SARS-CoV-2 is a virulent coronavirus, similar in structure to the SARS-CoV virus that was responsible for the 2002 SARS pandemic, that causes the infectious disease COVID-19. SARS-CoV-2 is a ~30-kb positive single-stranded RNA virus and has a genome organization that is similar to that of SARS-CoV, with both being organized into two main open reading frames (ORFs) and several smaller downstream ORFs. Two large ORFs, ORF1a and ORF1b, encode two polyproteins which are cleaved by viral encoded proteases resulting in several non-structural proteins (nsp). ORF1a encodes a 440-500 kDa polypeptide (pp1a) which is enzymatically processed to generate 11 nsps. The second ORF, ORF1b, encodes a larger polypeptide (pp1ab) of 740-810 kDa which is cleaved to generate 16 nsps.

SARS-CoV-2 genome organization

What Are SARS-CoV-2 Structural Proteins? 

Four major structural proteins have been identified in SARS-CoV-2 including spikenucleocapsidmembrane, and envelope proteins, which share significant identity with SARS-CoV. These four structural proteins are encoded by ORF2-10 and are required for viral coat formation and genome encapsidation. Compared to nsps, structural proteins elicit higher immune responses, both humoral and cellular mediated. While the main structural proteins have been well characterized, the ORF accessory proteins and nsps are in general less understood.

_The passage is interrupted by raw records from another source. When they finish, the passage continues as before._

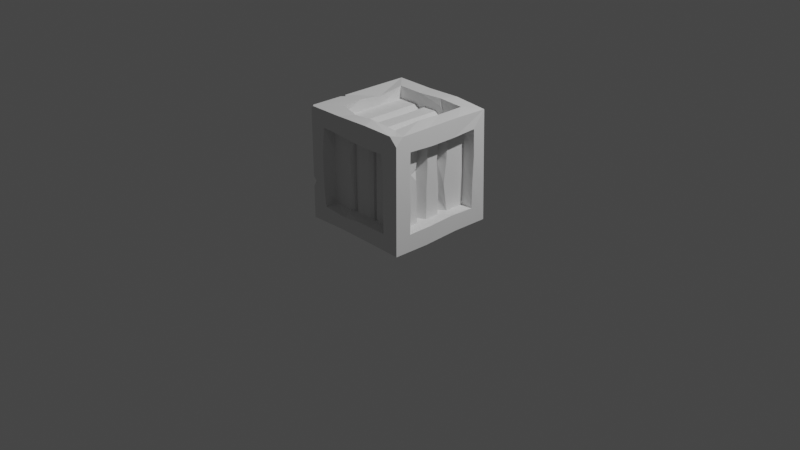 # Source: Barrel.blend  (saved by Blender 3.6.13; exported with 4.5.12 LTS)
import bpy
from mathutils import Matrix  # noqa: F401  (used for matrix-valued properties, if any)

bpy.ops.wm.read_factory_settings(use_empty=True)
scene = bpy.context.scene
scene.name = 'Scene'

# ---- collections
col_collection = bpy.data.collections.new('Collection'); scene.collection.children.link(col_collection)

# ---- world
world_world = bpy.data.worlds.new('World'); scene.world = world_world
world_world.use_nodes = True; world_world.node_tree.nodes.clear()
_N = world_world.node_tree.nodes; _L = world_world.node_tree.links
n0 = _N.new('ShaderNodeOutputWorld'); n0.name = 'World Output'; n0.location = (300, 300)
n1 = _N.new('ShaderNodeBackground'); n1.name = 'Background'; n1.location = (10, 300)
n1.inputs[0].default_value = (0.05088, 0.05088, 0.05088, 1.0)
_L.new(n1.outputs[0], n0.inputs[0])
n0.is_active_output = True
world_world.color = (0.05088, 0.05088, 0.05088)
world_world.use_sun_shadow = False
world_world.sun_shadow_jitter_overblur = 0.0

# ---- cameras
cam_camera = bpy.data.cameras.new('Camera')
cam_camera.clip_end = 100.0
cam_camera.ortho_scale = 7.314

# ---- lights
light_light = bpy.data.lights.new('Light', 'POINT')
light_light.transmission_factor = 0.0
light_light.energy = 1000.0
light_light.shadow_soft_size = 0.1
light_light.shadow_maximum_resolution = 0.006
light_light.use_absolute_resolution = True

# ---- meshes
me_cylinder = bpy.data.meshes.new('Cylinder')
me_cylinder.from_pydata([(0.0, 0.4114, -0.6), (0.2057, 0.3563, 0.6), (0.3563, 0.2057, -0.6), (0.3563, 0.2057, 0.6), (0.3563, -0.2057, -0.6), (0.2057, -0.3563, -0.6), (0.2057, -0.3563, 0.6), (0.0, -0.4114, -0.6), (0.0, -0.4114, 0.6), (-0.2057, -0.3563, -0.6), (-0.2057, -0.3563, 0.5741), (-0.3563, -0.2057, -0.6), (-0.3563, -0.2057, 0.6), (-0.4114, 0.0, -0.6), (-0.4114, 0.0, 0.6), (-0.3563, 0.2057, -0.6), (-0.3563, 0.2057, 0.6099), (-0.2057, 0.3563, -0.6), (-0.2057, 0.3563, 0.6), (-0.2939, -0.509, 0.1139), (-0.493, -0.2846, 0.2843), (-0.509, -0.2939, -0.1139), (-0.5693, 3.441e-10, 0.2843), (-0.5878, 4.359e-10, -0.1139), (-0.493, 0.2846, 0.2843), (-0.493, 0.2846, -0.2843), (-0.2846, 0.493, 0.2843), (-0.2939, 0.509, 0.1139), (0.0, 0.5878, 0.1139), (0.2846, 0.493, 0.2843), (0.2939, 0.509, -0.1139), (0.509, 0.2939, 0.1139), (0.5693, 3.441e-10, 0.2843), (0.5693, 3.441e-10, -0.2843), (0.5878, 4.359e-10, -0.1139), (0.2939, -0.509, -0.1139), (0.0, -0.5693, -0.2843), (0.0, -0.5878, -0.1139), (-0.2846, -0.493, 0.2843), (-0.2846, -0.493, -0.2843), (-0.2939, -0.509, -0.1139), (-0.509, -0.2939, 0.1139), (-0.5878, 4.359e-10, 0.1139), (-0.5693, 3.441e-10, -0.2843), (-0.2939, 0.509, -0.1139), (0.0, -0.5878, 0.1139), (0.2846, -0.493, -0.2843), (0.2846, -0.493, 0.2843), (0.493, -0.2846, -0.2843), (0.509, -0.2939, -0.1139), (0.493, -0.2846, 0.2843), (0.509, 0.2939, -0.1139), (0.509, -0.2939, 0.1139), (0.5878, 4.359e-10, 0.1139), (0.2939, -0.509, 0.1139), (-0.509, 0.2939, 0.1139), (-0.509, 0.2939, -0.1139), (-0.2846, 0.493, -0.2843), (0.493, 0.2846, 0.2843), (0.493, 0.2846, -0.2843), (0.0, -0.5693, 0.2843), (-0.493, -0.2846, -0.2843), (0.0, 0.5693, 0.2843), (0.0, 0.5878, -0.1139), (0.0, 0.5693, -0.2843), (0.2846, 0.493, -0.2843), (0.2939, 0.509, 0.1139), (0.5655, -0.3265, 0.1139), (0.653, -1.582e-09, 0.1139), (0.3265, -0.5655, 0.1139), (0.5477, -0.3162, -0.2843), (0.5809, -0.3208, -0.1037), (0.3265, -0.5655, -0.1139), (5.511e-10, -0.653, -0.1139), (-0.3162, -0.5477, -0.2843), (5.511e-10, -0.6324, -0.2843), (-0.3265, -0.5655, 0.1139), (-0.3162, -0.5477, 0.2843), (-0.5477, -0.3162, 0.2843), (-0.6324, -1.684e-09, 0.2843), (-0.5655, 0.3265, 0.1139), (-0.6368, -0.007352, 0.1299), (-0.6148, 0.0004581, -0.2641), (-0.653, -1.582e-09, -0.1139), (-0.5655, 0.3265, -0.1139), (-0.3265, 0.5655, -0.1139), (-0.3265, 0.5655, 0.1139), (-0.3162, 0.5477, 0.2843), (-0.3188, 0.5421, -0.2723), (0.5655, 0.3265, 0.1139), (0.5393, 0.3148, 0.2906), (0.6324, -1.684e-09, -0.2843), (0.5467, 0.3146, -0.2925), (0.653, -1.582e-09, -0.1139), (0.5604, -0.3198, 0.2719), (0.3162, -0.5477, -0.2843), (0.3162, -0.5477, 0.2843), (0.001875, -0.6305, 0.2988), (5.511e-10, -0.653, 0.1139), (-0.5655, -0.3265, 0.1139), (-0.3265, -0.5655, -0.1139), (-0.5655, -0.3265, -0.1139), (-0.5477, -0.3162, -0.2843), (-0.5477, 0.3162, -0.2843), (-0.5477, 0.3162, 0.2843), (5.511e-10, 0.653, 0.1139), (5.511e-10, 0.6324, 0.2843), (5.511e-10, 0.653, -0.1139), (5.511e-10, 0.6324, -0.2843), (0.5612, 0.3118, -0.1228), (0.6324, -1.684e-09, 0.2843), (0.3162, 0.5477, -0.2843), (0.3265, 0.5655, -0.1139), (0.3265, 0.5655, 0.1139), (0.3162, 0.5477, 0.2843), (0.0, 0.5, -0.6), (0.25, 0.433, 0.6), (0.433, 0.25, -0.6), (0.433, 0.25, 0.6), (0.433, -0.25, -0.6), (0.25, -0.433, -0.6), (0.25, -0.433, 0.6), (0.0, -0.5, -0.6), (0.0, -0.5, 0.6), (-0.25, -0.433, -0.6), (-0.25, -0.433, 0.5741), (-0.433, -0.25, -0.6), (-0.433, -0.25, 0.6), (-0.5, 0.0, -0.6), (-0.5, 0.0, 0.6), (-0.433, 0.25, -0.6), (-0.433, 0.25, 0.6), (-0.25, 0.433, -0.6), (-0.25, 0.433, 0.6), (0.0, 0.4114, -0.4897), (0.2057, 0.3563, -0.4897), (0.2057, 0.3563, 0.4897), (0.0, 0.4114, 0.4897), (0.3563, 0.2057, -0.4897), (0.3563, 0.2057, 0.4897), (0.4114, 0.0, -0.4897), (0.4114, 0.0, 0.4897), (0.3563, -0.2057, -0.4897), (0.3563, -0.2057, 0.4897), (0.2057, -0.3563, -0.4897), (0.2057, -0.3563, 0.4897), (0.0, -0.4114, -0.4897), (0.0, -0.4114, 0.4897), (-0.2057, -0.3563, -0.4897), (-0.2057, -0.3563, 0.4897), (-0.3563, -0.2057, -0.4897), (-0.3563, -0.2057, 0.4897), (-0.4114, 0.0, -0.4897), (-0.4114, 0.0, 0.4897), (-0.3563, 0.2057, -0.4897), (-0.3563, 0.2057, 0.4897), (-0.2057, 0.3563, -0.4897), (-0.2057, 0.3563, 0.4897), (0.05168, 0.3975, 0.6), (-0.05168, 0.3975, 0.6), (0.0, 0.4114, 0.5483), (-0.05171, 0.4861, 0.6079), (0.05171, 0.4861, 0.6079), (0.0, 0.5108, 0.5594), (0.384, -0.1022, 0.587), (0.384, 0.1022, 0.587), (0.4114, 0.0, 0.4898), (0.4722, 0.1038, 0.6), (0.4721, -0.1041, 0.5892), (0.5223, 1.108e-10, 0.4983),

Find out about SARS-CoV-2 Non-structural Proteins.

SARS-CoV-2 Spike Protein​

The spike protein in SARS-CoV-2 (1,273 aa) is a viral surface glycoprotein with two major functional domains, the S1 (14-667 aa) and S2 (668-1255 aa) domains, which mediate cell receptor binding and membrane fusion, respectively. Viral attachment and entry into host cells is dependent on the interaction of the spike’s receptor-binding domain (RBD: 306-527 aa) with specific cellular proteins. The angiotensin converting enzyme 2 (ACE-2) and the protease TMPRSS2 have been identified as the cellular receptor and priming protease required for SARS-CoV-2 cellular entry, respectively. The protease TMPRSS2 and/or cathepsin L cleave the spike protein at the S1-S2 junction, allowing the fusion of viral envelope and cellular membranes required for viral entry. SARS-CoV-2 may also be cleaved by furin which recognizes a four amino acid sequence at the S1-S2 junction. Besides cleavage of the spike protein at the S1-S2 junction, cellular proteases cleave the S2 subunit at a recognized S2’ sequence which is critical for activation of the spike protein and consequent membrane fusion.​ The surface glycoprotein or spike protein of SARS-CoV-2 shares 76% sequence identity with SARS-CoV's spike protein. 

SARS-CoV-2 Nucleocapsid Protein 

The nucleocapsid phosphoprotein (419 aa) is located within the core of the SARS-CoV-2 viral particle and interacts with the viral RNA. During viral assembly, the nucleocapsid protein plays a central role in packing the viral RNA genome. This process is dependent on its ability to self-associate as previously determined for the SARS-CoV nucleocapsid protein. SARS-CoV nucleocapsid protein has been implicated in other functions such as the modulation of host cellular processes including cell cycle deregulation, inhibition of IFN production, and induction of proinflammatory factors (e.g., COX-2).​ SARS-CoV-2 nucleocapsid protein shares 91% sequence identity with the SARS-CoV protein.​

SARS-CoV-2 Membrane and Envelope Proteins 

The membrane (222 aa) and envelope (75 aa) proteins are integral proteins that function in viral assembly. SARS-CoV’s membrane protein is known to elicit the production of neutralizing antibodies in SARS patients while the envelope protein plays a role in SARS-CoV virulence and functions as an ion channel.​ SARS-CoV-2 membrane protein shares 91% sequence identity and the SARS-CoV-2 envelope protein shares 95% sequence identity with the respective SARS-CoV proteins.